Step 7: Make a decision
Based on the calculated test statistic and the critical value, we can reject the null hypothesis. This suggests that the new sponge design has indeed increased the absorption amount.
In summary, the decision rule at the 0.01 level of significance is to reject the null hypothesis if the calculated t-test statistic is greater than the critical value.

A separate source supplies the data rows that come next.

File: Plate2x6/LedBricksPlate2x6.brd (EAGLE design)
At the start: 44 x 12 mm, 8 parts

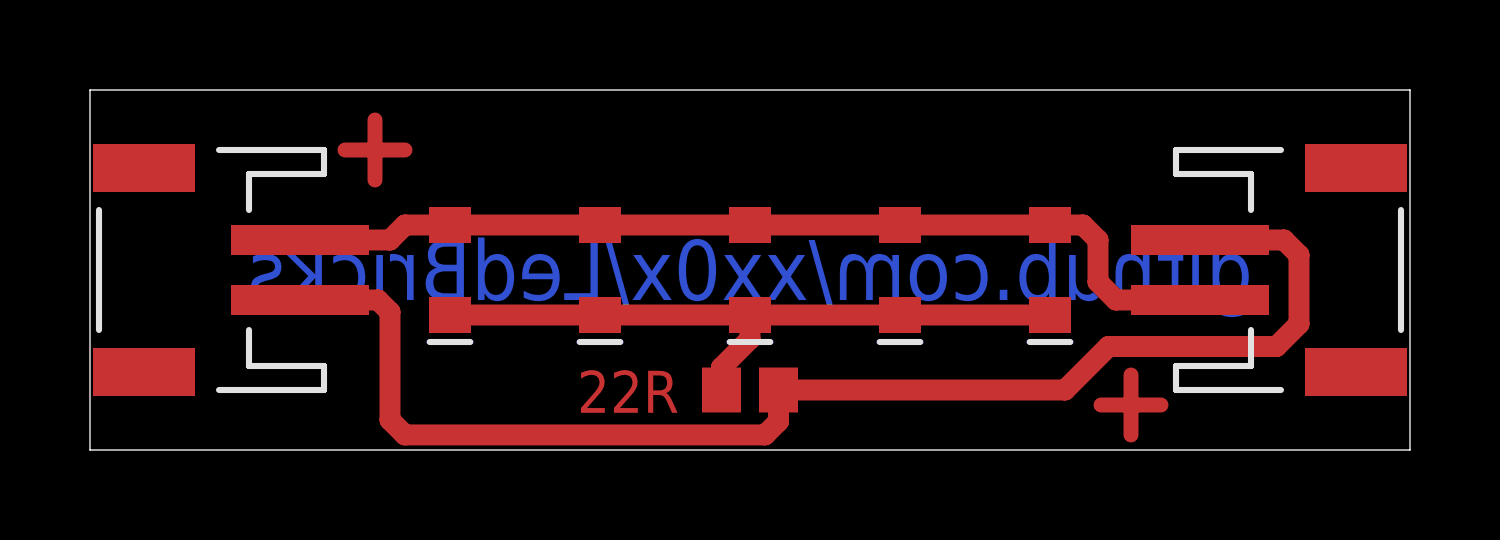
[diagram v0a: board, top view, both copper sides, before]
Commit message: change connector to jst sh
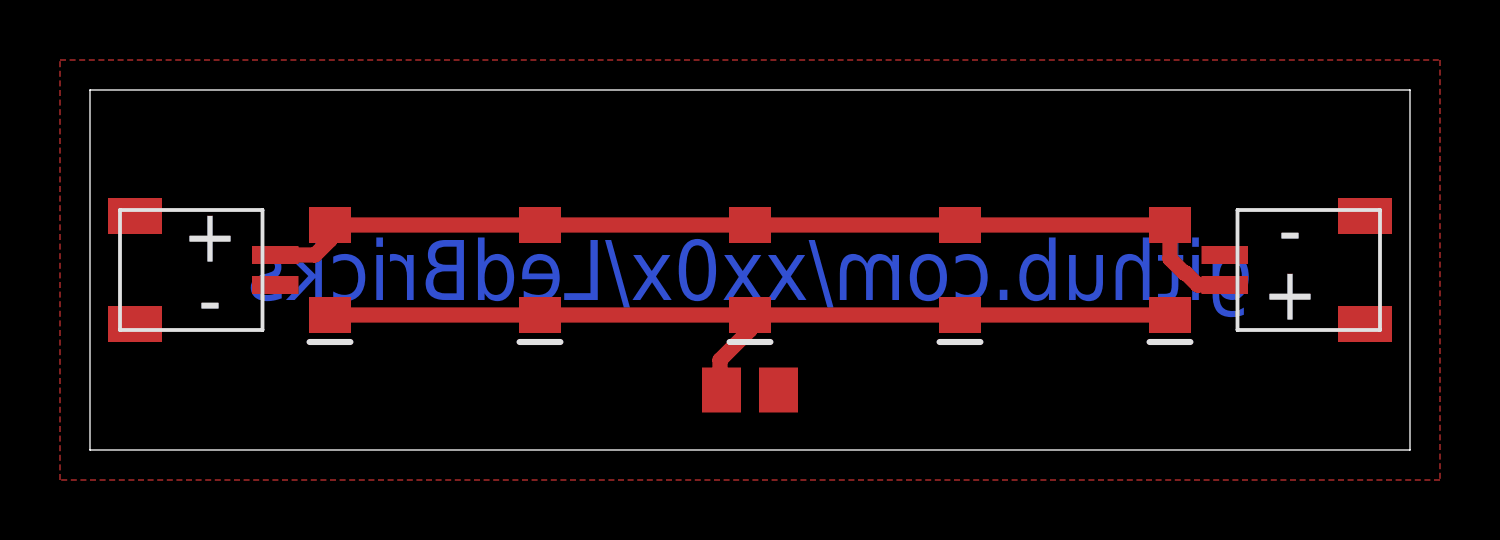
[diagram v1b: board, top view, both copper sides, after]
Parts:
- J1, J2: value (none) -> SM02B-SRSS-TB; device SparkFun-Connectors:JST-2-SMD -> con-JST-SH:SM02B-SRSS-TB
- moved J1 39.2 mm to (1.50, 6.00)
- moved J2 39.2 mm to (42.5, 6.00)
- moved D1 4.00 mm to (8.00, 6.00)
- moved D5 4.00 mm to (36.0, 6.00)
- moved D2 2.00 mm to (15.0, 6.00)
- moved D4 2.00 mm to (29.0, 6.00)
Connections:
- net +5V: now also J1.1, J2.1; no longer J1.2, J2.2
- net GND: now also J1.2, J2.2; no longer J1.1, J2.1
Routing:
- net GND: track 45.2 -> 0.00 mm
- net N$2: track 22.9 -> 30.9 mm
- net N$5: track 2.00 -> 0.00 mm
- net N$4: track 2.00 -> 0.00 mm
- net N$3: track 2.00 -> 0.00 mm
- net N$1: track 2.00 -> 0.00 mm
- net +5V: track 32.1 -> 33.8 mm
- added copper zone on layer 1, net GND
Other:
- board text added: "+ -"
- board text added: "- +"

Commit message: gerbers, pnp file
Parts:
- D1, D2, D3, D4, D5: value (none) -> XL-3216WWC
- moved R1 3.62 mm to (18.7, 3.50), turned to 90 degrees
- moved D1 1.00 mm to (9.00, 6.00)
- moved D5 1.00 mm to (35.0, 6.00)
- moved D2 0.50 mm to (15.5, 6.00)
- moved D4 0.50 mm to (28.5, 6.00)
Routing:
- net N$2: track 30.9 -> 26.0 mm
- added copper zone on layer 16, net GND
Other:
- board text added: "+"
- board text added: "-"
- board text removed: "+ -"
- board text removed: "- +"

To test if the new design increased the absorption amount of the sponge, we can perform a hypothesis test using the data provided.
Here are the steps to conduct the hypothesis test:
Step 1: State the null hypothesis (H0) and the alternative hypothesis (Ha):
- Null hypothesis (H0): The new design did not increase the absorption amount of the sponge.
- Alternative hypothesis (Ha): The new design increased the absorption amount of the sponge.
Step 2: Determine the test statistic:
Since we have a small sample size (n < 30) and the population standard deviation is unknown, we can use the t-distribution for this test. We will calculate the t-statistic using the sample mean, sample standard deviation, and the sample size.
Step 3: Set the significance level (α):
The significance level, denoted as α, is the probability of rejecting the null hypothesis when it is true. In this case, the significance level required is 0.01, which means we are willing to accept a 1% chance of making a Type I error (rejecting the null hypothesis when it is true).
Step 4: Calculate the test statistic:
- Compute the sample mean (x̄) using the provided absorption amounts.
- Compute the sample standard deviation (s) using the provided absorption amounts.
- Determine the sample size (n).
Step 5: Determine the critical value:
- Look up the critical value for a two-tailed t-test with n-1 degrees of freedom and a significance level of 0.01. The degrees of freedom is equal to the sample size minus one (df = n - 1).
Step 6: Decision rule:
- If the absolute value of the test statistic is greater than the critical value, reject the null hypothesis.
- If the absolute value of the test statistic is less than or equal to the critical value, fail to reject the null hypothesis.
Step 7: Compute the test statistic:
- Calculate the t-statistic using the formula: t = (x̄ - μ) / (s / √n), where μ is the assumed population mean (3.5 ounces in this case).
Step 8: Make a decision:
- Compare the calculated t-value with the critical value determined earlier. If the calculated t-value falls in the critical region, reject the null hypothesis. If it falls within the non-critical region, fail to reject the null hypothesis.
Please note that the calculations for the test statistics and critical values are not shown in this explanation. They can be determined using statistical software, a t-distribution table, or a calculator with statistical functions.